Mulches should be piled at least a foot deep around plants, and
not before mid-November, as roses need cool fall temperatures to
develop some winter hardiness. Mulch much later and you may
have to contend with snow first, and valuable ground heat will have
been lost.
Mounding may also be used to protect roses during winter, simply
mounding loose soil a foot or more high around the base of the plant.
Use loose sandy or loamy soil, as dense clay soil may cut off the
oxygen supply to the roots, resulting in injured or dead plants.
Soil mounding is preferable over mulches if you have mice that may
live in organic material and chew on the rose stems.

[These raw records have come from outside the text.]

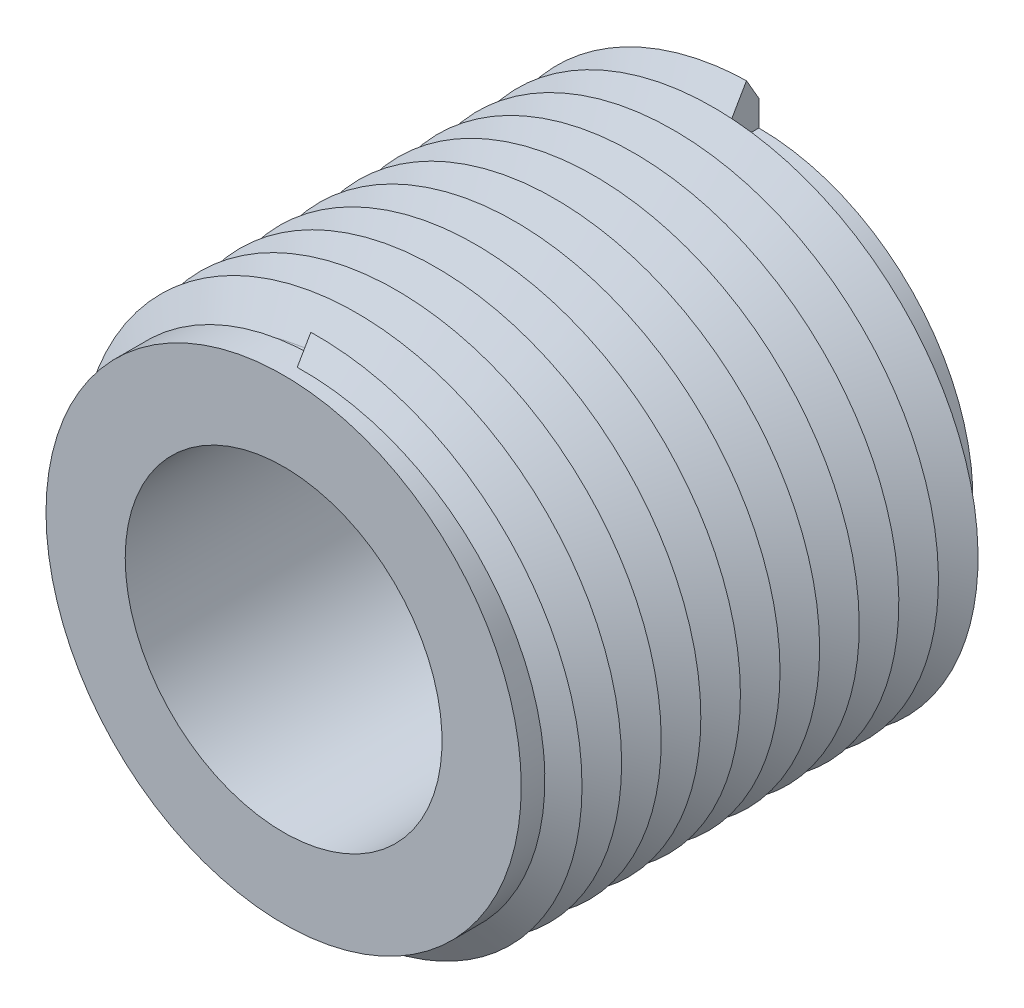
ISO-10303-21;
HEADER;
FILE_DESCRIPTION(('STEP AP214'),'2;1');
FILE_NAME('part.step','',(''),(''),'','','');
FILE_SCHEMA(('AUTOMOTIVE_DESIGN { 1 0 10303 214 1 1 1 1 }'));
ENDSEC;
DATA;
#1=APPLICATION_CONTEXT('core data for automotive mechanical design processes');
#2=APPLICATION_PROTOCOL_DEFINITION('international standard','automotive_design',2000,#1);
#3=PRODUCT_CONTEXT('',#1,'mechanical');
#4=PRODUCT('Part','Part','',(#3));
#5=PRODUCT_RELATED_PRODUCT_CATEGORY('part','',(#4));
#6=PRODUCT_DEFINITION_FORMATION('','',#4);
#7=PRODUCT_DEFINITION_CONTEXT('part definition',#1,'design');
#8=PRODUCT_DEFINITION('design','',#6,#7);
#9=PRODUCT_DEFINITION_SHAPE('','',#8);
#10=(LENGTH_UNIT() NAMED_UNIT(*) SI_UNIT(.MILLI.,.METRE.));
#11=(NAMED_UNIT(*) PLANE_ANGLE_UNIT() SI_UNIT($,.RADIAN.));
#12=(NAMED_UNIT(*) SI_UNIT($,.STERADIAN.) SOLID_ANGLE_UNIT());
#13=UNCERTAINTY_MEASURE_WITH_UNIT(LENGTH_MEASURE(1.E-05),#10,'distance_accuracy_value','');
#14=(GEOMETRIC_REPRESENTATION_CONTEXT(3) GLOBAL_UNCERTAINTY_ASSIGNED_CONTEXT((#13)) GLOBAL_UNIT_ASSIGNED_CONTEXT((#10,
#11,#12)) REPRESENTATION_CONTEXT('',''));
#15=CARTESIAN_POINT('',(0.,0.,0.));
#16=DIRECTION('',(0.,0.,1.));
#17=DIRECTION('',(1.,0.,0.));
#18=AXIS2_PLACEMENT_3D('',#15,#16,#17);
#19=CARTESIAN_POINT('',(0.,0.,8.89));
#20=DIRECTION('',(0.,0.,-1.));
#21=DIRECTION('',(-1.,0.,0.));
#22=AXIS2_PLACEMENT_3D('',#19,#20,#21);
#23=CYLINDRICAL_SURFACE('',#22,4.29006);
#24=DIRECTION('',(0.,0.,-1.));
#25=VECTOR('',#24,1.);
#26=CARTESIAN_POINT('',(8.79905061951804E-10,4.29006,8.81014875));
#27=LINE('',#26,#25);
#28=CARTESIAN_POINT('',(4.39952530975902E-10,4.29006,8.73125000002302));
#29=VERTEX_POINT('',#28);
#30=CARTESIAN_POINT('',(4.39952530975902E-10,4.29006,8.89));
#31=VERTEX_POINT('',#30);
#32=EDGE_CURVE('E81',#29,#31,#27,.F.);
#33=ORIENTED_EDGE('',*,*,#32,.F.);
#34=CARTESIAN_POINT('',(-4.07752570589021,1.33356624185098,8.88999999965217));
#35=CARTESIAN_POINT('',(-4.04469969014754,1.43392140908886,8.88681886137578));
#36=CARTESIAN_POINT('',(-4.00819099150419,1.53301488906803,8.8836301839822));
#37=CARTESIAN_POINT('',(-3.92791867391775,1.72836866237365,8.87724802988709));
#38=CARTESIAN_POINT('',(-3.88414569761,1.82462511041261,8.87405455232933));
#39=CARTESIAN_POINT('',(-3.74134540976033,2.1100722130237,8.86443463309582));
#40=CARTESIAN_POINT('',(-3.63146249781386,2.29402478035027,8.85802943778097));
#41=CARTESIAN_POINT('',(-3.44713684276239,2.55604080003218,8.84858131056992));
#42=CARTESIAN_POINT('',(-3.38237997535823,2.64112853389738,8.84545589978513));
#43=CARTESIAN_POINT('',(-3.24667951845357,2.8062588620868,8.83928014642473));
#44=CARTESIAN_POINT('',(-3.17573593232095,2.88630145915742,8.83622980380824));
#45=CARTESIAN_POINT('',(-3.01856695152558,3.05080735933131,8.82980620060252));
#46=CARTESIAN_POINT('',(-2.93154964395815,3.13451506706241,8.82644186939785));
#47=CARTESIAN_POINT('',(-2.75076591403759,3.29430668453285,8.81957117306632));
#48=CARTESIAN_POINT('',(-2.65699875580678,3.37038976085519,8.81606479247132));
#49=CARTESIAN_POINT('',(-2.46335276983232,3.5144093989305,8.80898680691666));
#50=CARTESIAN_POINT('',(-2.36347172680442,3.58234298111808,8.80541517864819));
#51=CARTESIAN_POINT('',(-2.15834548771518,3.70954486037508,8.79821937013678));
#52=CARTESIAN_POINT('',(-2.05310056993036,3.7688136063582,8.79459519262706));
#53=CARTESIAN_POINT('',(-1.83793923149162,3.87829489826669,8.78732194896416));
#54=CARTESIAN_POINT('',(-1.72802061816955,3.92850313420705,8.78367287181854));
#55=CARTESIAN_POINT('',(-1.50434078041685,4.01947138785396,8.77637648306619));
#56=CARTESIAN_POINT('',(-1.39057956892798,4.06023143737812,8.77272917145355));
#57=CARTESIAN_POINT('',(-1.16015075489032,4.13197425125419,8.76546652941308));
#58=CARTESIAN_POINT('',(-1.04348642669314,4.16296753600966,8.76185116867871));
#59=CARTESIAN_POINT('',(-0.808004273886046,4.21500604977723,8.75467534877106));
#60=CARTESIAN_POINT('',(-0.689187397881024,4.2360555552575,8.75111486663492));
#61=CARTESIAN_POINT('',(-0.475230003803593,4.26472249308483,8.74481021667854));
#62=CARTESIAN_POINT('',(-0.380338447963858,4.27422906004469,8.74205115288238));
#63=CARTESIAN_POINT('',(-0.190300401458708,4.28689414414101,8.73659931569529));
#64=CARTESIAN_POINT('',(-0.095154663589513,4.29006391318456,8.73390643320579));
#65=CARTESIAN_POINT('',(0.,4.29006,8.73125));
#66=B_SPLINE_CURVE_WITH_KNOTS('',3,(#34,#35,#36,#37,#38,#39,#40,#41,#42,#43,#44,#45,#46,#47,#48,
#49,#50,#51,#52,#53,#54,#55,#56,#57,#58,#59,#60,#61,#62,#63,#64,#65),.UNSPECIFIED.,.F.,.F.,(4,2,
2,2,2,2,2,2,2,2,2,2,2,2,2,4),(0.,0.31672618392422,0.633863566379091,1.27413046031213,
1.59482167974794,1.91551272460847,2.27745171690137,2.63943022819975,3.00154068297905,
3.36363237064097,3.72589584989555,4.08815810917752,4.45002880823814,4.81174373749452,
5.09775903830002,5.38326602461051),.UNSPECIFIED.);
#67=CARTESIAN_POINT('',(-4.07752570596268,1.33356624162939,8.88999999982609));
#68=VERTEX_POINT('',#67);
#69=EDGE_CURVE('E20',#68,#29,#66,.T.);
#70=ORIENTED_EDGE('',*,*,#69,.F.);
#71=CARTESIAN_POINT('',(0.,0.,8.89));
#72=DIRECTION('',(0.,0.,-1.));
#73=DIRECTION('',(-1.,0.,0.));
#74=AXIS2_PLACEMENT_3D('',#71,#72,#73);
#75=CIRCLE('',#74,4.29006);
#76=EDGE_CURVE('E79',#68,#31,#75,.T.);
#77=ORIENTED_EDGE('',*,*,#76,.T.);
#78=EDGE_LOOP('',(#33,#70,#77));
#79=FACE_BOUND('',#78,.T.);
#80=ADVANCED_FACE('F15',(#79),#23,.T.);
#81=CARTESIAN_POINT('',(-2.8974662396,-3.5049593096,8.8917896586));
#82=CARTESIAN_POINT('',(-3.0633773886,-3.3678045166,8.8859238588));
#83=CARTESIAN_POINT('',(-3.2155909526,-3.2155909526,8.880254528));
#84=CARTESIAN_POINT('',(-4.5475323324,-1.8836495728,8.830645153));
#85=CARTESIAN_POINT('',(-4.5475323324,0.,8.781035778));
#86=CARTESIAN_POINT('',(-4.5475323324,1.8836495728,8.731426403));
#87=CARTESIAN_POINT('',(-3.2155909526,3.2155909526,8.681817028));
#88=CARTESIAN_POINT('',(-1.8836495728,4.5475323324,8.632207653));
#89=CARTESIAN_POINT('',(0.,4.5475323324,8.582598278));
#90=CARTESIAN_POINT('',(-2.7334173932,-3.3065154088,9.0404413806));
#91=CARTESIAN_POINT('',(-2.8899349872,-3.1771260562,9.0345755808));
#92=CARTESIAN_POINT('',(-3.033530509,-3.033530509,9.02890625));
#93=CARTESIAN_POINT('',(-4.29006,-1.7770010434,8.979296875));
#94=CARTESIAN_POINT('',(-4.29006,0.,8.9296875));
#95=CARTESIAN_POINT('',(-4.29006,1.7770010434,8.880078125));
#96=CARTESIAN_POINT('',(-3.033530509,3.033530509,8.83046875));
#97=CARTESIAN_POINT('',(-1.7770010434,4.29006,8.780859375));
#98=CARTESIAN_POINT('',(0.,4.29006,8.73125));
#99=(BOUNDED_SURFACE() B_SPLINE_SURFACE(1,2,((#81,#82,#83,#84,#85,#86,#87,#88,#89),(#90,#91,#92,
#93,#94,#95,#96,#97,#98)),.UNSPECIFIED.,.F.,.F.,.F.) B_SPLINE_SURFACE_WITH_KNOTS((2,2),(3,2,2,2,
3),(0.,1.),(0.609682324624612,0.625,0.75,0.875,1.),
.UNSPECIFIED.) GEOMETRIC_REPRESENTATION_ITEM() RATIONAL_B_SPLINE_SURFACE(((0.983630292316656,
0.990672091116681,1.,0.923879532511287,1.,0.923879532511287,1.,0.923879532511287,1.),
(0.983630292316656,0.990672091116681,1.,0.923879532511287,1.,0.923879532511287,1.,
0.923879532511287,1.))) REPRESENTATION_ITEM('') SURFACE());
#100=DIRECTION('',(0.,-0.866025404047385,0.499999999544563));
#101=VECTOR('',#100,1.);
#102=CARTESIAN_POINT('',(0.,4.547532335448,8.582598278));
#103=LINE('',#102,#101);
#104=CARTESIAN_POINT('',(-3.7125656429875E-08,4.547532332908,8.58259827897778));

Climbing roses may be protected by removing the canes from their
supports (keep this in mind in the spring when tying them up, for
easy fall removal), then laying them on the ground. Use a
wire hoop or similar device to hold them in place. Lay a piece
of burlap over the canes to protect them during the spring uncovering
operation, then mound soil over the canes. Uncover the canes
when they begin to grow in spring, checking them in early April
or shortly after the snow melts.
Mulching or mounding protects roses in a couple of ways.
Roses vary greatly in their hardiness, depending on species and
cultivars, with the more hardy not even needing protection.
Most roses also are grafted onto a hardier wild rose understock.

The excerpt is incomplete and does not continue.